The bassoon was invented in Italy in response to the need for a bass-register double-reed woodwind suitable for processionals and marching. Composers were quick to exploit its agility and unique timbre. Later, during the reign of Louis XIV, the instrument underwent a major redesign, giving voice to its tenor register. In the early 1800s new scientific precepts propelled a wave of invention and design modifications. In the twentieth century, the multiplicity of competing bassoon designs narrowed to a German (or Heckel) type and a French type, the latter now nearly extinct. The author examines the acoustical consequences of these various redesigns. He also offers new coverage of the bassoon’s social history, including its roles in the military and church and its global use during the European Colonial period. Separate historical chapters devoted to contrabassoons and smaller bassoons complete the volume.

5.
Marcel Hébert
Religious Experience in the Work of Richard Wagner

Enthusiasm for the operas of composer Richard Wagner (1813-1883) flourished in fin-de-siècle France, fed by fascination for the medieval history and literature that inspired his work. By the 1890s, “”pilgrimages”” to Wagner’s burial city of Bayreuth, Germany, home of a regular festival of his work, were a rite of passage for musicians and the upper crust. French admirers promoted Wagner’s ideas in journals such as La Revue wagnérienne, launched in 1885. These writings fueled a mystique about Wagner, his music, and his beliefs. Philosopher Marcel Hébert developed his Religious Experience in the Work of Richard Wagner (1895) from this background of sustained popular interest in Wagner, an interest that had intensified with the return of his operas to the Paris stage.

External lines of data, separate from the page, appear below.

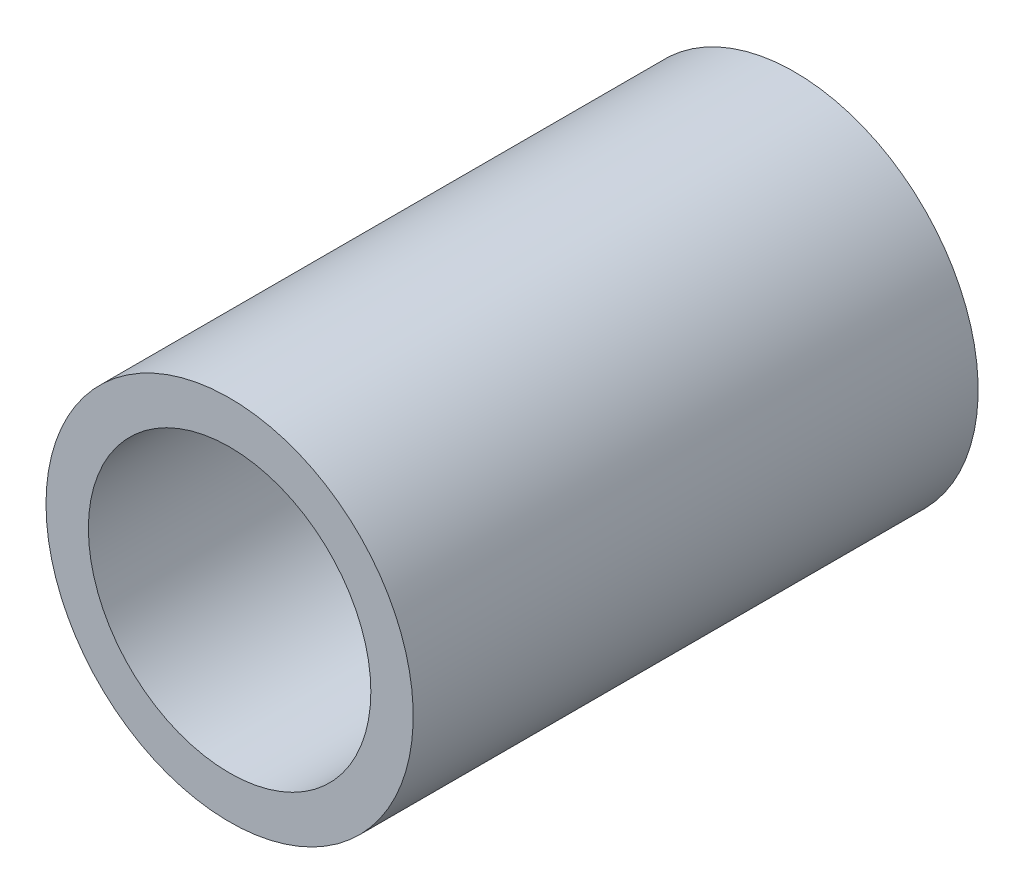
ISO-10303-21;
HEADER;
FILE_DESCRIPTION(('STEP AP214'),'2;1');
FILE_NAME('part.step','',(''),(''),'','','');
FILE_SCHEMA(('AUTOMOTIVE_DESIGN { 1 0 10303 214 1 1 1 1 }'));
ENDSEC;
DATA;
#1=APPLICATION_CONTEXT('core data for automotive mechanical design processes');
#2=APPLICATION_PROTOCOL_DEFINITION('international standard','automotive_design',2000,#1);
#3=PRODUCT_CONTEXT('',#1,'mechanical');
#4=PRODUCT('Part','Part','',(#3));
#5=PRODUCT_RELATED_PRODUCT_CATEGORY('part','',(#4));
#6=PRODUCT_DEFINITION_FORMATION('','',#4);
#7=PRODUCT_DEFINITION_CONTEXT('part definition',#1,'design');
#8=PRODUCT_DEFINITION('design','',#6,#7);
#9=PRODUCT_DEFINITION_SHAPE('','',#8);
#10=(LENGTH_UNIT() NAMED_UNIT(*) SI_UNIT(.MILLI.,.METRE.));
#11=(NAMED_UNIT(*) PLANE_ANGLE_UNIT() SI_UNIT($,.RADIAN.));
#12=(NAMED_UNIT(*) SI_UNIT($,.STERADIAN.) SOLID_ANGLE_UNIT());
#13=UNCERTAINTY_MEASURE_WITH_UNIT(LENGTH_MEASURE(1.E-05),#10,'distance_accuracy_value','');
#14=(GEOMETRIC_REPRESENTATION_CONTEXT(3) GLOBAL_UNCERTAINTY_ASSIGNED_CONTEXT((#13)) GLOBAL_UNIT_ASSIGNED_CONTEXT((#10,
#11,#12)) REPRESENTATION_CONTEXT('',''));
#15=CARTESIAN_POINT('',(0.,0.,0.));
#16=DIRECTION('',(0.,0.,1.));
#17=DIRECTION('',(1.,0.,0.));
#18=AXIS2_PLACEMENT_3D('',#15,#16,#17);
#19=CARTESIAN_POINT('',(0.,0.,40.));
#20=DIRECTION('',(0.,0.,0.999999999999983));
#21=DIRECTION('',(0.999999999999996,0.,0.));
#22=AXIS2_PLACEMENT_3D('',#19,#20,#21);
#23=PLANE('',#22);
#24=CARTESIAN_POINT('',(0.,0.,40.));
#25=DIRECTION('',(0.,0.,0.999999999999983));
#26=DIRECTION('',(0.999999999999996,0.,0.));
#27=AXIS2_PLACEMENT_3D('',#24,#25,#26);
#28=CIRCLE('',#27,13.);
#29=CARTESIAN_POINT('',(-13.,0.,40.));
#30=VERTEX_POINT('',#29);
#31=EDGE_CURVE('E10',#30,#30,#28,.T.);
#32=ORIENTED_EDGE('',*,*,#31,.T.);
#33=EDGE_LOOP('',(#32));
#34=FACE_BOUND('',#33,.T.);
#35=CARTESIAN_POINT('',(0.,0.,40.));
#36=DIRECTION('',(0.,0.,0.999999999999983));
#37=DIRECTION('',(0.999999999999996,0.,0.));
#38=AXIS2_PLACEMENT_3D('',#35,#36,#37);
#39=CIRCLE('',#38,10.);
#40=CARTESIAN_POINT('',(-9.99999999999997,0.,40.));
#41=VERTEX_POINT('',#40);
#42=EDGE_CURVE('E48',#41,#41,#39,.T.);
#43=ORIENTED_EDGE('',*,*,#42,.F.);
#44=EDGE_LOOP('',(#43));
#45=FACE_BOUND('',#44,.T.);
#46=ADVANCED_FACE('F34',(#34,#45),#23,.T.);
#47=CARTESIAN_POINT('',(0.,0.,0.));
#48=DIRECTION('',(0.,0.,0.999999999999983));
#49=DIRECTION('',(0.999999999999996,0.,0.));
#50=AXIS2_PLACEMENT_3D('',#47,#48,#49);
#51=PLANE('',#50);
#52=CARTESIAN_POINT('',(0.,0.,0.));
#53=DIRECTION('',(0.,0.,0.999999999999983));
#54=DIRECTION('',(0.999999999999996,0.,0.));
#55=AXIS2_PLACEMENT_3D('',#52,#53,#54);
#56=CIRCLE('',#55,13.);
#57=CARTESIAN_POINT('',(-13.,0.,0.));
#58=VERTEX_POINT('',#57);
#59=EDGE_CURVE('E38',#58,#58,#56,.T.);
#60=ORIENTED_EDGE('',*,*,#59,.F.);
#61=EDGE_LOOP('',(#60));
#62=FACE_BOUND('',#61,.T.);
#63=CARTESIAN_POINT('',(0.,0.,0.));
#64=DIRECTION('',(0.,0.,0.999999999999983));
#65=DIRECTION('',(0.999999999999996,0.,0.));
#66=AXIS2_PLACEMENT_3D('',#63,#64,#65);
#67=CIRCLE('',#66,10.);
#68=CARTESIAN_POINT('',(-9.99999999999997,0.,0.));
#69=VERTEX_POINT('',#68);
#70=EDGE_CURVE('E50',#69,#69,#67,.T.);
#71=ORIENTED_EDGE('',*,*,#70,.T.);
#72=EDGE_LOOP('',(#71));
#73=FACE_BOUND('',#72,.T.);
#74=ADVANCED_FACE('F63',(#62,#73),#51,.F.);
#75=CARTESIAN_POINT('',(0.,0.,40.));
#76=DIRECTION('',(0.,0.,-0.999999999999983));
#77=DIRECTION('',(-0.999999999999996,0.,0.));
#78=AXIS2_PLACEMENT_3D('',#75,#76,#77);
#79=CYLINDRICAL_SURFACE('',#78,13.);
#80=CARTESIAN_POINT('',(-13.,0.,40.));
#81=CARTESIAN_POINT('',(-13.,0.,39.5833333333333));
#82=CARTESIAN_POINT('',(-13.,0.,39.1666666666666));
#83=CARTESIAN_POINT('',(-13.,0.,38.3333333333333));
#84=CARTESIAN_POINT('',(-13.,0.,37.9166666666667));
#85=CARTESIAN_POINT('',(-13.,0.,37.0833333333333));
#86=CARTESIAN_POINT('',(-13.,0.,36.6666666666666));
#87=CARTESIAN_POINT('',(-13.,0.,35.8333333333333));
#88=CARTESIAN_POINT('',(-13.,0.,35.4166666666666));
#89=CARTESIAN_POINT('',(-13.,0.,34.5833333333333));
#90=CARTESIAN_POINT('',(-13.,0.,34.1666666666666));
#91=CARTESIAN_POINT('',(-13.,0.,33.3333333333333));
#92=CARTESIAN_POINT('',(-13.,0.,32.9166666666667));
#93=CARTESIAN_POINT('',(-13.,0.,32.0833333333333));
#94=CARTESIAN_POINT('',(-13.,0.,31.6666666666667));
#95=CARTESIAN_POINT('',(-13.,0.,30.8333333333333));
#96=CARTESIAN_POINT('',(-13.,0.,30.4166666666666));
#97=CARTESIAN_POINT('',(-13.,0.,29.5833333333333));
#98=CARTESIAN_POINT('',(-13.,0.,29.1666666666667));
#99=CARTESIAN_POINT('',(-13.,0.,28.3333333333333));
#100=CARTESIAN_POINT('',(-13.,0.,27.9166666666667));
#101=CARTESIAN_POINT('',(-13.,0.,27.0833333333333));
#102=CARTESIAN_POINT('',(-13.,0.,26.6666666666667));
#103=CARTESIAN_POINT('',(-13.,0.,25.8333333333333));
#104=CARTESIAN_POINT('',(-13.,0.,25.4166666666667));
#105=CARTESIAN_POINT('',(-13.,0.,24.5833333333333));
#106=CARTESIAN_POINT('',(-13.,0.,24.1666666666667));
#107=CARTESIAN_POINT('',(-13.,0.,23.3333333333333));
#108=CARTESIAN_POINT('',(-13.,0.,22.9166666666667));
#109=CARTESIAN_POINT('',(-13.,0.,22.0833333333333));
#110=CARTESIAN_POINT('',(-13.,0.,21.6666666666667));
#111=CARTESIAN_POINT('',(-13.,0.,20.8333333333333));
#112=CARTESIAN_POINT('',(-13.,0.,20.4166666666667));
#113=CARTESIAN_POINT('',(-13.,0.,19.5833333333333));
#114=CARTESIAN_POINT('',(-13.,0.,19.1666666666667));
#115=CARTESIAN_POINT('',(-13.,0.,18.3333333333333));
#116=CARTESIAN_POINT('',(-13.,0.,17.9166666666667));
#117=CARTESIAN_POINT('',(-13.,0.,17.0833333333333));
#118=CARTESIAN_POINT('',(-13.,0.,16.6666666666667));
#119=CARTESIAN_POINT('',(-13.,0.,15.8333333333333));
#120=CARTESIAN_POINT('',(-13.,0.,15.4166666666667));
#121=CARTESIAN_POINT('',(-13.,0.,14.5833333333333));
#122=CARTESIAN_POINT('',(-13.,0.,14.1666666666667));
#123=CARTESIAN_POINT('',(-13.,0.,13.3333333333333));
#124=CARTESIAN_POINT('',(-13.,0.,12.9166666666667));
#125=CARTESIAN_POINT('',(-13.,0.,12.0833333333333));
#126=CARTESIAN_POINT('',(-13.,0.,11.6666666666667));
#127=CARTESIAN_POINT('',(-13.,0.,10.8333333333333));
#128=CARTESIAN_POINT('',(-13.,0.,10.4166666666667));
#129=CARTESIAN_POINT('',(-13.,0.,9.58333333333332));
#130=CARTESIAN_POINT('',(-13.,0.,9.16666666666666));
#131=CARTESIAN_POINT('',(-13.,0.,8.33333333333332));
#132=CARTESIAN_POINT('',(-13.,0.,7.91666666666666));
#133=CARTESIAN_POINT('',(-13.,0.,7.08333333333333));
#134=CARTESIAN_POINT('',(-13.,0.,6.66666666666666));
#135=CARTESIAN_POINT('',(-13.,0.,5.83333333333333));
#136=CARTESIAN_POINT('',(-13.,0.,5.41666666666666));
#137=CARTESIAN_POINT('',(-13.,0.,4.58333333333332));
#138=CARTESIAN_POINT('',(-13.,0.,4.16666666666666));
#139=CARTESIAN_POINT('',(-13.,0.,3.33333333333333));
#140=CARTESIAN_POINT('',(-13.,0.,2.91666666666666));
#141=CARTESIAN_POINT('',(-13.,0.,2.08333333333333));
#142=CARTESIAN_POINT('',(-13.,0.,1.66666666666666));
#143=CARTESIAN_POINT('',(-13.,0.,0.833333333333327));
#144=CARTESIAN_POINT('',(-13.,0.,0.41666666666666));
#145=CARTESIAN_POINT('',(-13.,0.,0.));
#146=B_SPLINE_CURVE_WITH_KNOTS('',3,(#80,#81,#82,#83,#84,#85,#86,#87,#88,#89,#90,#91,#92,#93,
#94,#95,#96,#97,#98,#99,#100,#101,#102,#103,#104,#105,#106,#107,#108,#109,#110,#111,#112,#113,
#114,#115,#116,#117,#118,#119,#120,#121,#122,#123,#124,#125,#126,#127,#128,#129,#130,#131,#132,
#133,#134,#135,#136,#137,#138,#139,#140,#141,#142,#143,#144,#145),.UNSPECIFIED.,.F.,.F.,(4,2,2,
2,2,2,2,2,2,2,2,2,2,2,2,2,2,2,2,2,2,2,2,2,2,2,2,2,2,2,2,2,4),(0.,1.24999999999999,2.5,3.75,5.,
6.24999999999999,7.49999999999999,8.74999999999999,9.99999999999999,11.25,12.5,13.75,15.,16.25,
17.5,18.75,20.,21.25,22.5,23.75,25.,26.25,27.5,28.75,30.,31.25,32.5,33.75,35.,36.25,37.5,38.75,
40.),.UNSPECIFIED.);
#147=EDGE_CURVE('BSEAM36',#30,#58,#146,.T.);
#148=ORIENTED_EDGE('',*,*,#31,.F.);
#149=ORIENTED_EDGE('',*,*,#59,.T.);
#150=ORIENTED_EDGE('',*,*,#147,.T.);
#151=ORIENTED_EDGE('',*,*,#147,.F.);
#152=EDGE_LOOP('',(#148,#150,#149,#151));
#153=FACE_BOUND('',#152,.T.);
#154=ADVANCED_FACE('F36',(#153),#79,.T.);
#155=CARTESIAN_POINT('',(0.,0.,40.));
#156=DIRECTION('',(0.,0.,-0.999999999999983));
#157=DIRECTION('',(-0.999999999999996,0.,0.));
#158=AXIS2_PLACEMENT_3D('',#155,#156,#157);
#159=CYLINDRICAL_SURFACE('',#158,10.);
#160=CARTESIAN_POINT('',(-9.99999999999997,0.,40.));
#161=CARTESIAN_POINT('',(-9.99999999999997,0.,39.5833333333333));
#162=CARTESIAN_POINT('',(-9.99999999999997,0.,39.1666666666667));
#163=CARTESIAN_POINT('',(-9.99999999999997,0.,38.3333333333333));
#164=CARTESIAN_POINT('',(-9.99999999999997,0.,37.9166666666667));
#165=CARTESIAN_POINT('',(-9.99999999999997,0.,37.0833333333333));
#166=CARTESIAN_POINT('',(-9.99999999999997,0.,36.6666666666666));
#167=CARTESIAN_POINT('',(-9.99999999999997,0.,35.8333333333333));
#168=CARTESIAN_POINT('',(-9.99999999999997,0.,35.4166666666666));
#169=CARTESIAN_POINT('',(-9.99999999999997,0.,34.5833333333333));
#170=CARTESIAN_POINT('',(-9.99999999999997,0.,34.1666666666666));
#171=CARTESIAN_POINT('',(-9.99999999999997,0.,33.3333333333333));
#172=CARTESIAN_POINT('',(-9.99999999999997,0.,32.9166666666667));
#173=CARTESIAN_POINT('',(-9.99999999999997,0.,32.0833333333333));
#174=CARTESIAN_POINT('',(-9.99999999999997,0.,31.6666666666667));
#175=CARTESIAN_POINT('',(-9.99999999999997,0.,30.8333333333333));
#176=CARTESIAN_POINT('',(-9.99999999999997,0.,30.4166666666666));
#177=CARTESIAN_POINT('',(-9.99999999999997,0.,29.5833333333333));
#178=CARTESIAN_POINT('',(-9.99999999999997,0.,29.1666666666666));
#179=CARTESIAN_POINT('',(-9.99999999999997,0.,28.3333333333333));
#180=CARTESIAN_POINT('',(-9.99999999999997,0.,27.9166666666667));
#181=CARTESIAN_POINT('',(-9.99999999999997,0.,27.0833333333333));
#182=CARTESIAN_POINT('',(-9.99999999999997,0.,26.6666666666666));
#183=CARTESIAN_POINT('',(-9.99999999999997,0.,25.8333333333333));
#184=CARTESIAN_POINT('',(-9.99999999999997,0.,25.4166666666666));
#185=CARTESIAN_POINT('',(-9.99999999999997,0.,24.5833333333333));
#186=CARTESIAN_POINT('',(-9.99999999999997,0.,24.1666666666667));
#187=CARTESIAN_POINT('',(-9.99999999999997,0.,23.3333333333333));
#188=CARTESIAN_POINT('',(-9.99999999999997,0.,22.9166666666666));
#189=CARTESIAN_POINT('',(-9.99999999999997,0.,22.0833333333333));
#190=CARTESIAN_POINT('',(-9.99999999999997,0.,21.6666666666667));
#191=CARTESIAN_POINT('',(-9.99999999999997,0.,20.8333333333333));
#192=CARTESIAN_POINT('',(-9.99999999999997,0.,20.4166666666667));
#193=CARTESIAN_POINT('',(-9.99999999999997,0.,19.5833333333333));
#194=CARTESIAN_POINT('',(-9.99999999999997,0.,19.1666666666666));
#195=CARTESIAN_POINT('',(-9.99999999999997,0.,18.3333333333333));
#196=CARTESIAN_POINT('',(-9.99999999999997,0.,17.9166666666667));
#197=CARTESIAN_POINT('',(-9.99999999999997,0.,17.0833333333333));
#198=CARTESIAN_POINT('',(-9.99999999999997,0.,16.6666666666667));
#199=CARTESIAN_POINT('',(-9.99999999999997,0.,15.8333333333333));
#200=CARTESIAN_POINT('',(-9.99999999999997,0.,15.4166666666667));
#201=CARTESIAN_POINT('',(-9.99999999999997,0.,14.5833333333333));
#202=CARTESIAN_POINT('',(-9.99999999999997,0.,14.1666666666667));
#203=CARTESIAN_POINT('',(-9.99999999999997,0.,13.3333333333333));
#204=CARTESIAN_POINT('',(-9.99999999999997,0.,12.9166666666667));
#205=CARTESIAN_POINT('',(-9.99999999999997,0.,12.0833333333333));
#206=CARTESIAN_POINT('',(-9.99999999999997,0.,11.6666666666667));
#207=CARTESIAN_POINT('',(-9.99999999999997,0.,10.8333333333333));
#208=CARTESIAN_POINT('',(-9.99999999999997,0.,10.4166666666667));
#209=CARTESIAN_POINT('',(-9.99999999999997,0.,9.58333333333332));
#210=CARTESIAN_POINT('',(-9.99999999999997,0.,9.16666666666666));
#211=CARTESIAN_POINT('',(-9.99999999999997,0.,8.33333333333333));
#212=CARTESIAN_POINT('',(-9.99999999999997,0.,7.91666666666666));
#213=CARTESIAN_POINT('',(-9.99999999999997,0.,7.08333333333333));
#214=CARTESIAN_POINT('',(-9.99999999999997,0.,6.66666666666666));
#215=CARTESIAN_POINT('',(-9.99999999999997,0.,5.83333333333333));
#216=CARTESIAN_POINT('',(-9.99999999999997,0.,5.41666666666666));
#217=CARTESIAN_POINT('',(-9.99999999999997,0.,4.58333333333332));
#218=CARTESIAN_POINT('',(-9.99999999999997,0.,4.16666666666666));
#219=CARTESIAN_POINT('',(-9.99999999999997,0.,3.33333333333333));
#220=CARTESIAN_POINT('',(-9.99999999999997,0.,2.91666666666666));
#221=CARTESIAN_POINT('',(-9.99999999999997,0.,2.08333333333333));
#222=CARTESIAN_POINT('',(-9.99999999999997,0.,1.66666666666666));
#223=CARTESIAN_POINT('',(-9.99999999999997,0.,0.833333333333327));
#224=CARTESIAN_POINT('',(-9.99999999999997,0.,0.41666666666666));
#225=CARTESIAN_POINT('',(-9.99999999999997,0.,0.));
#226=B_SPLINE_CURVE_WITH_KNOTS('',3,(#160,#161,#162,#163,#164,#165,#166,#167,#168,#169,#170,
#171,#172,#173,#174,#175,#176,#177,#178,#179,#180,#181,#182,#183,#184,#185,#186,#187,#188,#189,
#190,#191,#192,#193,#194,#195,#196,#197,#198,#199,#200,#201,#202,#203,#204,#205,#206,#207,#208,
#209,#210,#211,#212,#213,#214,#215,#216,#217,#218,#219,#220,#221,#222,#223,#224,#225),
.UNSPECIFIED.,.F.,.F.,(4,2,2,2,2,2,2,2,2,2,2,2,2,2,2,2,2,2,2,2,2,2,2,2,2,2,2,2,2,2,2,2,4),(0.,
1.25,2.5,3.75,5.,6.25,7.5,8.75,10.,11.25,12.5,13.75,15.,16.25,17.5,18.75,20.,21.25,22.5,23.75,
25.,26.25,27.5,28.75,30.,31.25,32.5,33.75,35.,36.25,37.5,38.75,40.),.UNSPECIFIED.);
#227=EDGE_CURVE('BSEAM59',#41,#69,#226,.T.);
#228=ORIENTED_EDGE('',*,*,#42,.T.);
#229=ORIENTED_EDGE('',*,*,#70,.F.);
#230=ORIENTED_EDGE('',*,*,#227,.T.);
#231=ORIENTED_EDGE('',*,*,#227,.F.);
#232=EDGE_LOOP('',(#228,#230,#229,#231));
#233=FACE_BOUND('',#232,.T.);
#234=ADVANCED_FACE('F59',(#233),#159,.F.);
#235=CLOSED_SHELL('',(#46,#74,#154,#234));
#236=MANIFOLD_SOLID_BREP('B2',#235);
#237=ADVANCED_BREP_SHAPE_REPRESENTATION('',(#18,#236),#14);
#238=SHAPE_DEFINITION_REPRESENTATION(#9,#237);
ENDSEC;
END-ISO-10303-21;

Newspaper debates about the impact of Wagner’s ideas on French society often stressed the links between Wagner and religion. These debates inspired works like Hébert’s, intended to explain the complex myth and allegory in Wagner’s work and to elucidate it for a new generation of French spectators. Hébert’s discussion of Wagner, written for a popular audience, might seem an anomaly in light of his better-known academic philosophical writings. Yet Wagner’s use of myth and symbol, as well as his ability to write musical dramas that evoked emotional as well as cognitive response, resonated with Hébert’s symbolist approach to dogma, and the appeal to religious experience characteristic of Modernist thinkers in general. By writing about Wagner to discuss these themes, Hébert caught the interest of the educated readership who shared his concern about the clash of ancient faith and modern thinking, and who were receptive to his argument that both could be reconciled through his revisionist approach. Thus, Hébert turned Wagner and his work into a vehicle for popularizing the Modernist vision of framing religion through experience as well as knowledge.